[Opening SOURCE INFORMATION section]

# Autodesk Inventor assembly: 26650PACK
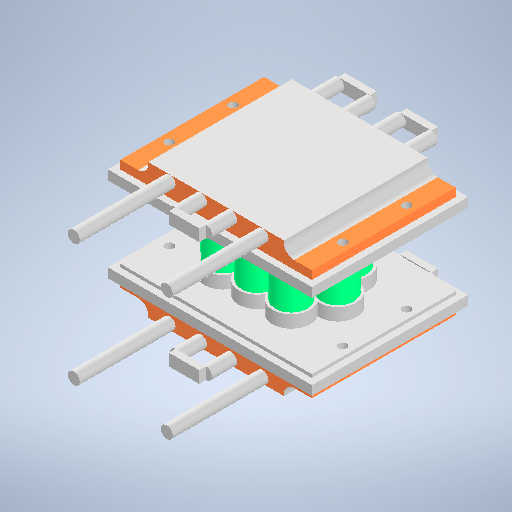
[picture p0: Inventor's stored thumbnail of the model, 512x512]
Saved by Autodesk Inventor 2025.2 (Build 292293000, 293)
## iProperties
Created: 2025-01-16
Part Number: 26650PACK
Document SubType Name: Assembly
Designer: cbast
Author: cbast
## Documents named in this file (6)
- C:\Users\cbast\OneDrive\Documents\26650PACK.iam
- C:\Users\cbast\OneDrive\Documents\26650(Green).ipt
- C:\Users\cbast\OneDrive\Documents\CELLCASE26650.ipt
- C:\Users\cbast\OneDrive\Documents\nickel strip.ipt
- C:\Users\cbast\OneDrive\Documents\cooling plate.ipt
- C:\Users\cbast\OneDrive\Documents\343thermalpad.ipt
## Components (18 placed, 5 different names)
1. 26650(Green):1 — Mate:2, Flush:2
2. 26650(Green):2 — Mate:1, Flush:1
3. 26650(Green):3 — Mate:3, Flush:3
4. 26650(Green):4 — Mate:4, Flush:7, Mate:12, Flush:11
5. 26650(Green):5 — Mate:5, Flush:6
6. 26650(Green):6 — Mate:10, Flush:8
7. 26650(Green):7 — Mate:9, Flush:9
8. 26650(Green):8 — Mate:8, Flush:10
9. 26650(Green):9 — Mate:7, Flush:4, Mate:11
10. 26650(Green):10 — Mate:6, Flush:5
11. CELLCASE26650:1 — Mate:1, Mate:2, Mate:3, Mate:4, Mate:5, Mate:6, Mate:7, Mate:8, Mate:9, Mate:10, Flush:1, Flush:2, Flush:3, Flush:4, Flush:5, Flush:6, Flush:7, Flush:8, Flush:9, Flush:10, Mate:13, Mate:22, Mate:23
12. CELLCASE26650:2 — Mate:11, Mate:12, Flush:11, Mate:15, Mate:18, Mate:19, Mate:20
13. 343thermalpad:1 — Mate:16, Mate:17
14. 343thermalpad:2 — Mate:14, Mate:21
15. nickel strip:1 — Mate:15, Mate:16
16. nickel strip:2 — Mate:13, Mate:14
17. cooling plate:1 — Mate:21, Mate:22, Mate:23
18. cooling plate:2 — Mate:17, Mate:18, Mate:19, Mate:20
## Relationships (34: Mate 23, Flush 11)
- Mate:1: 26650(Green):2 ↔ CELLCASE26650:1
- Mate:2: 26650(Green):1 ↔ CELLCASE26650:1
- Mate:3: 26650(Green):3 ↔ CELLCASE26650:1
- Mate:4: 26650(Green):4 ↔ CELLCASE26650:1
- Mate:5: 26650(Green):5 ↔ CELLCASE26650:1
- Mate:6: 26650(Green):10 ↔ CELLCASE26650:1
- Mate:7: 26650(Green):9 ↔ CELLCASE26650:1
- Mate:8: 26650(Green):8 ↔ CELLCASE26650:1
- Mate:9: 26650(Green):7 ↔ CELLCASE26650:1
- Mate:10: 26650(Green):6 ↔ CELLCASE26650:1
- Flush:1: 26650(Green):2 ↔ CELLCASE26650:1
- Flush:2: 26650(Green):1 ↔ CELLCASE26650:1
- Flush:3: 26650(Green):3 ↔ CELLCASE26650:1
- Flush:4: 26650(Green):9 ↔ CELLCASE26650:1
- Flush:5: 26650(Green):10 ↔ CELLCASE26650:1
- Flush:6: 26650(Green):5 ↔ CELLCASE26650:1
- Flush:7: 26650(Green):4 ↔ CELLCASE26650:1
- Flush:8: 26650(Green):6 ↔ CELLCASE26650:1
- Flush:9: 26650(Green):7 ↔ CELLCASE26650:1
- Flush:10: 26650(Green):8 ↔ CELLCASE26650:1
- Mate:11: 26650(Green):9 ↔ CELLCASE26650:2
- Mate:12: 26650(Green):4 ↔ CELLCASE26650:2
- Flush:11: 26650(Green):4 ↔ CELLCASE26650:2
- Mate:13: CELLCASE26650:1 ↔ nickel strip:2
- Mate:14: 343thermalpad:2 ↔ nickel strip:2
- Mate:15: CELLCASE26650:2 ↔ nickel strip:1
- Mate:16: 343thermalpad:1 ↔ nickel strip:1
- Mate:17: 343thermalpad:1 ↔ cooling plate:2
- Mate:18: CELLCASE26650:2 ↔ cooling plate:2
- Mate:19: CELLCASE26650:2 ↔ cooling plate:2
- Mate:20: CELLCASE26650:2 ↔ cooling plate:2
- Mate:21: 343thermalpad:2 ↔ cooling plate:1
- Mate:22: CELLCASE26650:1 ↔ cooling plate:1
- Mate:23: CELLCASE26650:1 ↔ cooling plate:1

[Closing SOURCE INFORMATION section]

WHAT IS NEEDED =
Look through the material above for "Inventor" and copy the lines that have it.

WRITTEN RESPONSE =
# Autodesk Inventor assembly: 26650PACK
[picture p0: Inventor's stored thumbnail of the model, 512x512]
Saved by Autodesk Inventor 2025.2 (Build 292293000, 293)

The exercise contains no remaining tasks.